16 Feb 2014

Vesper Sync Diary #8 part two - More about Unique IDs

I’ve done some more thinking about the problem of unique IDs and discussed it a bunch on Twitter.

Some new thoughts:

Why I can’t use creation date as client ID

It doesn’t matter that the date might be inaccurate — the important thing is that it would be unique for a given person.

But I forgot to consider automation (scripting, importing) which could generate non-unique creation dates.

So using creation date is out.

Looking again at client-created IDs

I’ll recap this idea.

The client generates an ID. That ID needs to be unique for a given account. I’d use a UUID, which is an 128-bit number. (That’s double the ideal size of an ID, but I’m not too concerned about that.)

(A UUID is necessary because there’s no way to coordinate an incrementing 64-bit number.)

This solves the case where a user signs out of their account and signs in with a different account (which may or may not be new). Those client-generated IDs would survive this process — which is what I want. Though notes under a different account are different notes, and would get stored as such on the server, those same client IDs would be fine since the server enforces uniqueness on account ID + client ID.

What worried me last night, though, was the bad client scenario. An attacker.

A digression about security

I design as if anything can happen. An example: what if the server-side code got leaked? Would the system be hackable? (No.)

What if the client-side code also got leaked? (Still not hackable.)

But let me be more specific: if an attacker knows the API and has a user’s credentials, that attacker could conceivably access and change that user’s data.

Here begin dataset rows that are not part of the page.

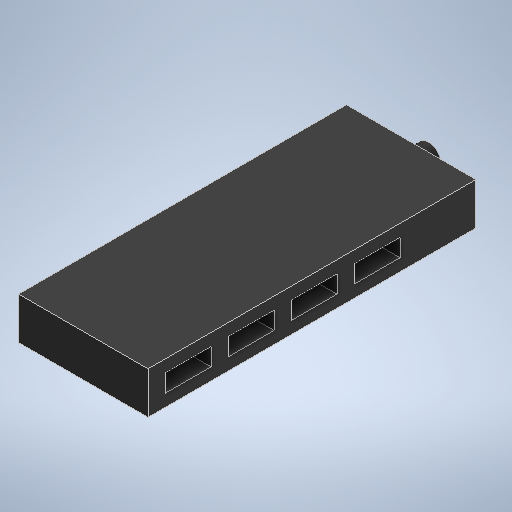
# Autodesk Inventor part: USBextender
Saved by Autodesk Inventor 2025.2 (Build 292293000, 293)
## iProperties
Created: 2025-08-10
Part Number: USBextender
Material: Generic
Document SubType Name: Modeling
Designer: hofma
Density: 1 g/cm^3
Appearance: Default(1)
Author: hofma
Autodesk Inventor part; units mm, degrees
ref_plane "YZ Plane" through (0, 0, 0) normal (1, 0, 0) x (0, 1, 0)
ref_plane "XZ Plane" through (0, 0, 0) normal (0, 1, 0) x (-1, 0, 0)
ref_plane "XY Plane" through (0, 0, 0) normal (0, 0, 1) x (1, 0, 0)
sketch "Sketch1" plane through (0, 0, 0) normal (0, 1, 0) x (-1, 0, 0)
  line L0 (18.5, 46.85) -> (-18.5, 46.85)
  line L1 (-18.5, 46.85) -> (-18.5, -46.85)
  line L2 (-18.5, -46.85) -> (18.5, -46.85)
  line L3 (18.5, -46.85) -> (18.5, 46.85)
  line L4 (18.5, 46.85) -> (-18.5, -46.85) construction
  line L5 (-18.5, 46.85) -> (18.5, -46.85) construction
  point P0 (0, 0)
  dimension "d0" = 93.7
  dimension "d1" = 37
  constraints: 12 end point, 2 midpoint, 2 parallel, 1 horizontal, 1 perpendicular
  measures "d0" distance of L2.end L0.start
  measures "d1" distance of L0.start L0.end
extrude "Extrusion1" add sketch "Sketch1" along normal blind 12
sketch "Sketch2" plane through (18.5, 0, 46.85) normal (1, 0, 0) x (0, 0, -1)
  line L0 (5, 3.5) -> (18, 3.5)
  line L1 (18, 3.5) -> (18, 8.5)
  line L2 (18, 8.5) -> (5, 8.5)
  line L3 (5, 8.5) -> (5, 3.5)
  line L4 (5, 3.5) -> (18, 8.5) construction
  line L5 (18, 3.5) -> (5, 8.5) construction
  line L6 (23, 3.5) -> (36, 3.5)
  line L7 (36, 3.5) -> (36, 8.5)
  line L8 (36, 8.5) -> (23, 8.5)
  line L9 (23, 8.5) -> (23, 3.5)
  line L10 (23, 3.5) -> (36, 8.5) construction
  line L11 (36, 3.5) -> (23, 8.5) construction
  line L12 (41, 3.5) -> (54, 3.5)
  line L13 (54, 3.5) -> (54, 8.5)
  line L14 (54, 8.5) -> (41, 8.5)
  line L15 (41, 8.5) -> (41, 3.5)
  line L16 (41, 3.5) -> (54, 8.5) construction
  line L17 (54, 3.5) -> (41, 8.5) construction
  line L18 (59, 3.5) -> (72, 3.5)
  line L19 (72, 3.5) -> (72, 8.5)
  line L20 (72, 8.5) -> (59, 8.5)
  line L21 (59, 8.5) -> (59, 3.5)
  line L22 (59, 3.5) -> (72, 8.5) construction
  line L23 (72, 3.5) -> (59, 8.5) construction
  line L24 (0, 0) -> (0, 12) projected
  point P0 (46.85, 0)
  point P1 (11.5, 6)
  point P2 (29.5, 6)
  point P3 (47.5, 6)
  point P4 (65.5, 6)
  point P5 (0, 6)
  point P6 (54, 6)
  dimension "d4" = 5
  dimension "d5" = 5
  dimension "d6" = 5
  dimension "d7" = 5
  dimension "d8" = 13
  dimension "d9" = 5
  constraints: 48 end point, 10 midpoint, 8 parallel, 6 equal length, 4 horizontal, 4 horizontal alignment, 4 perpendicular
  measures "d4" distance between parallel lines of L3 L24
  measures "d5" distance between parallel lines of L9 L1
  measures "d6" distance between parallel lines of L15 L7
  measures "d7" distance from line of L21 point (54, 6)
  measures "d8" distance of L1.end L2.end
  measures "d9" distance between parallel lines of L0 L2
extrude "Extrusion2" cut sketch "Sketch2" against normal blind 12
sketch "Sketch3" plane through (18.5, 0, -46.85) normal (0, 0, -1) x (-1, 0, 0)
  circle A0 centre (18.5, 6) radius 3.5
  point P0 (18.5, 0)
  dimension "d12" = 7
  constraints: 1 centre point
  measures "d12" diameter of A0
extrude "Extrusion3" add sketch "Sketch3" along normal blind 5
equation "\"d5\" = d4"
equation "\"d6\" = d5"
equation "\"d7\" = d6"
body "Solid1"

I don’t know of a way around this.

But this is no different from any other service. For example, if you learn my Twitter credentials, you can tweet as me. (You don’t even have to reverse-engineer the Twitter API first.)

Bad clients and client IDs

The scenario that worried me last night was the attacker who figured out our API and had a user’s credentials.

That attacker could supply bogus client IDs for notes.

The damage would be limited to just that user, since uniqueness is account ID + client ID. (That attacker wouldn’t get access to data from another user, in other words.)

Also: if the attacker supplied bogus client IDs that were actually unique for that account, it wouldn’t matter. The system would work properly.

Furthermore, I could add a check: two ostensibly-the-same notes identified by client ID + account ID must have the same creation date, since creation date can’t change. Otherwise it’s an error.

But here’s why this scenario isn’t worth worrying about: what are the chances that an attacker just wants to screw around a little by supplying bogus IDs?

Most likely that attacker would do much worse things. (Consider that someone hacking my Twitter account wouldn’t want to do some slight and hard-to-detect mischief — they’d do something more dramatic.)

The only scenario that I can think of where an attacker supplies bogus IDs is where they’re trying to get information from other accounts. But we’ve made that impossible by saying that IDs are unique only to a given account. (Lookups on the server are always done with an ID/accountID pair.)

Going with client-generated IDs

That’s the upshot. I’m going with client-generated IDs.

Update 1 pm: Regarding coordinating incrementing a 64-bit integer, Kyle Sluder reminded me of vector clocks. Good point, but not worth the trouble here.